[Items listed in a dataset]
****

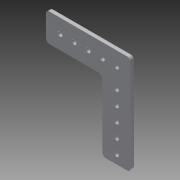
# Autodesk Inventor part: Roller Crossbar Gusset (Custom)
Saved by Autodesk Inventor 2014 (Build 180170000, 170)
## iProperties
Created: 2014-01-20
Part Number: Roller Crossbar Gusset (Custom)
Material: Aluminum 6061
Document SubType Name: Modeling
Designer: Michael
Density: 2.71 g/cm^3
Appearance: Aluminum - Flat
Author: Michael
Autodesk Inventor part; units mm, degrees
ref_plane "YZ Plane" through (0, 0, 0) normal (1, 0, 0) x (0, 1, 0)
ref_plane "XZ Plane" through (0, 0, 0) normal (0, 1, 0) x (-1, 0, 0)
ref_plane "XY Plane" through (0, 0, 0) normal (0, 0, 1) x (1, 0, 0)
sketch "Sketch1" plane through (0, 0, 0) normal (0, 0, 1) x (1, 0, 0)
  line L0 (0, 0) -> (76.2, 0)
  line L1 (76.2, 0) -> (76.2, -88.9)
  line L2 (76.2, -88.9) -> (50.8, -88.9)
  line L3 (50.8, -88.9) -> (50.8, -25.4)
  line L4 (50.8, -25.4) -> (0, -25.4)
  line L5 (0, -25.4) -> (0, 0)
  circle A0 centre (12.7, -12.7) radius 2.0701
  circle A1 centre (63.5, -30.1625) radius 2.0701
  circle A2 centre (63.5, -42.8625) radius 2.0701
  circle A3 centre (63.5, -55.5625) radius 2.0701
  circle A4 centre (63.5, -68.2625) radius 2.0701
  circle A5 centre (63.5, -80.9625) radius 2.0701
  circle A6 centre (25.4, -12.7) radius 2.0701
  circle A7 centre (38.1, -12.7) radius 2.0701
  circle A8 centre (50.8, -12.7) radius 2.0701
  circle A9 centre (63.5, -12.7) radius 2.0701
  dimension "d0" = 76.2
  dimension "d3" = 25.4
  dimension "d4" = 88.9
  dimension "d5" = 4.1402
  dimension "d6" = 12.7
  dimension "d7" = 12.7
  dimension "d18" = 12.7
  dimension "d23" = 12.7
  dimension "d27" = 4.7625
  dimension "d28" = 25.4
  dimension "d31" = 12.7
  constraints: 12 end point, 10 centre point, 4 vertical, 2 horizontal, 2 parallel, 1 equal radius, 16 other
  measures "d0" distance of L0.end L0.start
  measures "d3" distance of L1.end L2.end
  measures "d4" distance between parallel lines of L0 L2
  measures "d5" diameter of A0
  measures "d6" distance from line of L4 A0.centre
  measures "d7" distance from line of L5 A0.centre
  measures "d18" distance of A1.centre A2.centre
  measures "d23" distance from line of L3 A1.centre
  measures "d27" distance from line of L4 A1.centre
  measures "d28" distance of L4.end L0.start
  measures "d31" distance of A0.centre A6.centre
extrude "Extrusion1" add sketch "Sketch1" along normal blind 3.175
fillet "Fillet1" radius 3.175 6 edges at (0, 0, 1.5875) (0, -25.4, 1.5875) (50.8, -25.4, 1.5875) (50.8, -88.9, 1.5875) (76.2, -88.9, 1.5875) (76.2, 0, 1.5875)
body "Solid1"
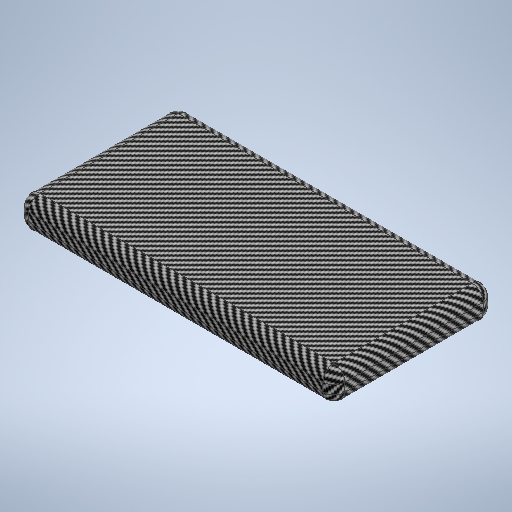
# Autodesk Inventor part: powerbank
Saved by Autodesk Inventor 2025 (Build 290162000, 162)
## iProperties
Created: 2024-09-26
Part Number: powerbank
Material: CFRP
Document SubType Name: Modeling
Designer: DANIEL
Density: 1.43 g/cm^3
Appearance: Carbon Fiber
Author: DANIEL
Autodesk Inventor part; units mm, degrees
ref_plane "YZ Plane" through (0, 0, 0) normal (1, 0, 0) x (0, 1, 0)
ref_plane "XZ Plane" through (0, 0, 0) normal (0, 1, 0) x (-1, 0, 0)
ref_plane "XY Plane" through (0, 0, 0) normal (0, 0, 1) x (1, 0, 0)
sketch "Sketch1" plane through (0, 0, 0) normal (0, 1, 0) x (-1, 0, 0)
  line L0 (72, -36.5) -> (-72, -36.5)
  line L1 (-72, -36.5) -> (-72, 36.5)
  line L2 (-72, 36.5) -> (72, 36.5)
  line L3 (72, 36.5) -> (72, -36.5)
  line L4 (72, -36.5) -> (-72, 36.5) construction
  line L5 (-72, -36.5) -> (72, 36.5) construction
  point P0 (0, 0)
  dimension "d0" = 144
  dimension "d1" = 73
  constraints: 12 end point, 2 midpoint, 2 parallel, 1 horizontal, 1 perpendicular
  measures "d0" distance of L1.end L2.end
  measures "d1" distance of L0.end L1.end
extrude "Extrusion1" add sketch "Sketch1" along normal blind 14
fillet "Fillet1" radius 5 12 edges at (72, 14, 0) (0, 14, 36.5) (0, 14, -36.5) (-72, 14, 0) (0, 0, 36.5) (72, 7, 36.5) (72, 0, 0) (72, 7, -36.5) (0, 0, -36.5) (-72, 0, 0) (-72, 7, -36.5) (-72, 7, 36.5)
body "Solid1"
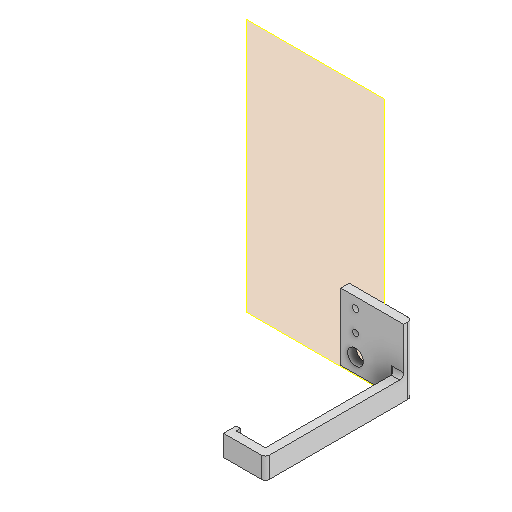
# Autodesk Inventor part: 30_XY_Sample_lightsheetarm_sample_v3
Saved by Autodesk Inventor 2022 (Build 260153000, 153)
## iProperties
Created: 2021-11-10
Part Number: 30_XY_Sample_lightsheetarm_sample_v3
Material: Generic
Document SubType Name: Modeling
Designer: diederichbenedict
Density: 1 g/cm^3
Appearance: Default
Author: diederichbenedict
Autodesk Inventor part; units mm, degrees
ref_plane "YZ Plane" through (0, 0, 0) normal (1, 0, 0) x (0, 1, 0)
ref_plane "XZ Plane" through (0, 0, 0) normal (0, 1, 0) x (-1, 0, 0)
ref_plane "XY Plane" through (0, 0, 0) normal (0, 0, 1) x (1, 0, 0)
ref_plane "Work Plane1" through (0, 0, 0) normal (0, 0, 1) x (1, 0, 0)
sketch "Sketch1" plane through (0, 0, 0) normal (0, 0, 1) x (1, 0, 0)
  line L0 (-30, -73.2876) -> (-18.6416, -61.9292) projected
  line L1 (-18.6416, -61.9292) -> (-17.5809, -62.9898) projected
  line L2 (-17.5809, -62.9898) -> (-30, -75.4089) projected
  line L3 (-30, -75.4089) -> (-30, -76) projected
  arc A0 (-30, -76) -> (-26, -80) centre (-26, -76) ccw projected
  line L4 (-18, -80) -> (-26, -80) projected
  arc A1 (-18, -80) -> (-14, -76) centre (-18, -76) ccw projected
  line L5 (-14, -34) -> (-14, -76) projected
  arc A2 (-10, -30) -> (-14, -34) centre (-10, -34) ccw projected
  line L6 (-10, -30) -> (12, -30) projected
  arc A3 (16, -34) -> (12, -30) centre (12, -34) ccw projected
  line L7 (16, -34) -> (16, -76) projected
  arc A4 (16, -76) -> (20, -80) centre (20, -76) ccw projected
  line L8 (20, -80) -> (26, -80) projected
  arc A5 (26, -80) -> (30, -76) centre (26, -76) ccw projected
  line L9 (30, 28) -> (30, -76) projected
  line L10 (30, 28) -> (28, 30) projected
  line L11 (28, 30) -> (-28, 30) projected
  line L12 (-28, 30) -> (-30, 28) projected
  line L13 (-30, 28) -> (-30, -73.2876) projected
  circle A6 centre (-10, -25) radius 1.45 projected
  circle A7 centre (-10, 25) radius 1.45 projected
  circle A8 centre (10, 25) radius 1.45 projected
  circle A9 centre (10, -25) radius 1.45 projected
  circle A10 centre (25, -10) radius 1.45 projected
  circle A11 centre (-25, -10) radius 1.45 projected
  circle A12 centre (-25, 10) radius 1.45 projected
  circle A13 centre (25, 10) radius 1.45 projected
  circle A14 centre (-17.5, -17.5) radius 1.95 projected
  circle A15 centre (17.5, 17.5) radius 1.95 projected
  circle A16 centre (17.5, -17.5) radius 1.95 projected
  circle A17 centre (-17.5, 17.5) radius 1.95 projected
  circle A18 centre (-25, 25) radius 2.325 projected
  circle A19 centre (25, -25) radius 2.325 projected
  circle A20 centre (-25, -25) radius 2.325 projected
  circle A21 centre (25, 25) radius 2.325 projected
  circle A22 centre (0, 0) radius 16 projected
  circle A23 centre (23, -74) radius 3.75 projected
  circle A24 centre (23, -64) radius 1.45 projected
  circle A25 centre (23, -54) radius 1.45 projected
  line L14 (16, -49) -> (46, -49)
  line L15 (46, -49) -> (46, -81)
  line L16 (46, -81) -> (16, -81)
  line L17 (16, -81) -> (16, -49)
  point P0 (0, 0)
  dimension "d0" = 30
  dimension "d1" = 32
  dimension "d2" = 5
  constraints: 8 end point, 2 parallel, 1 horizontal, 1 perpendicular, 1 point on line
  measures "d0" distance of L15.end L16.end
  measures "d1" distance of L14.end L15.end
  measures "d2" distance from line of L14 A25.centre
extrude "Extrusion1" add sketch "Sketch1" along normal blind 4 contours L14 L15 L16 L17 A4 L8 A5 L9 | L9 A5 L8 A4 L7 L14
sketch "Sketch2" plane through (16, -81, 0) normal (0, -1, 0) x (1, 0, 0)
  line L0 (0, 0) -> (30, 0) projected
  line L1 (30, 0) -> (30, 4) projected
  line L2 (0, 4) -> (30, 4) projected
  line L3 (0, 0) -> (0, 4) projected
  line L4 (30, 4) -> (26, 4)
  line L5 (26, 4) -> (26, 66)
  line L6 (26, 66) -> (30, 66)
  line L7 (30, 66) -> (30, 4)
  line L8 (30, 66) -> (10, 66)
  line L9 (10, 66) -> (10, 70)
  line L10 (10, 70) -> (30, 70)
  line L11 (30, 70) -> (30, 66)
  point P0 (-16, 0)
  point P1 (26, 4)
  dimension "d5" = 4
  dimension "d6" = 62
  dimension "d7" = 20
  dimension "d8" = 4
  constraints: 16 end point, 4 parallel, 2 horizontal, 2 perpendicular
  measures "d5" distance of L5.end L6.end
  measures "d6" distance of L4.end L5.end
  measures "d7" distance of L9.end L10.end
  measures "d8" distance of L8.end L9.end
extrude "Extrusion2" add sketch "Sketch2" against normal blind 10 contours L2 L5 L6 L7 | L6 L8 L9 L10 L11
fillet "Fillet1" radius 2 4 edges at (46, -76, 70) (42, -76, 4) (44, -71, 4) (46, -65, 0)
sketch "Sketch3" plane through (16, -81, 0) normal (0, -1, 0) x (1, 0, 0)
  line L0 (10, 66) -> (10, 70) projected
  line L1 (10, 66) -> (12, 66)
  line L2 (12, 66) -> (12, 64)
  line L3 (12, 64) -> (10, 64)
  line L4 (10, 64) -> (10, 66)
  point P0 (-16, 0)
  dimension "d12" = 2
  dimension "d13" = 2
  constraints: 8 end point, 2 parallel, 1 horizontal, 1 perpendicular
  measures "d12" distance of L2.end L3.end
  measures "d13" distance of L1.end L2.end
extrude "Extrusion3" add sketch "Sketch3" against normal blind 10
body "Solid1"

****

TRY IT:
How many lines in the records above contain the word "start"? Give only the number.

EXERCISE OUTPUT:
2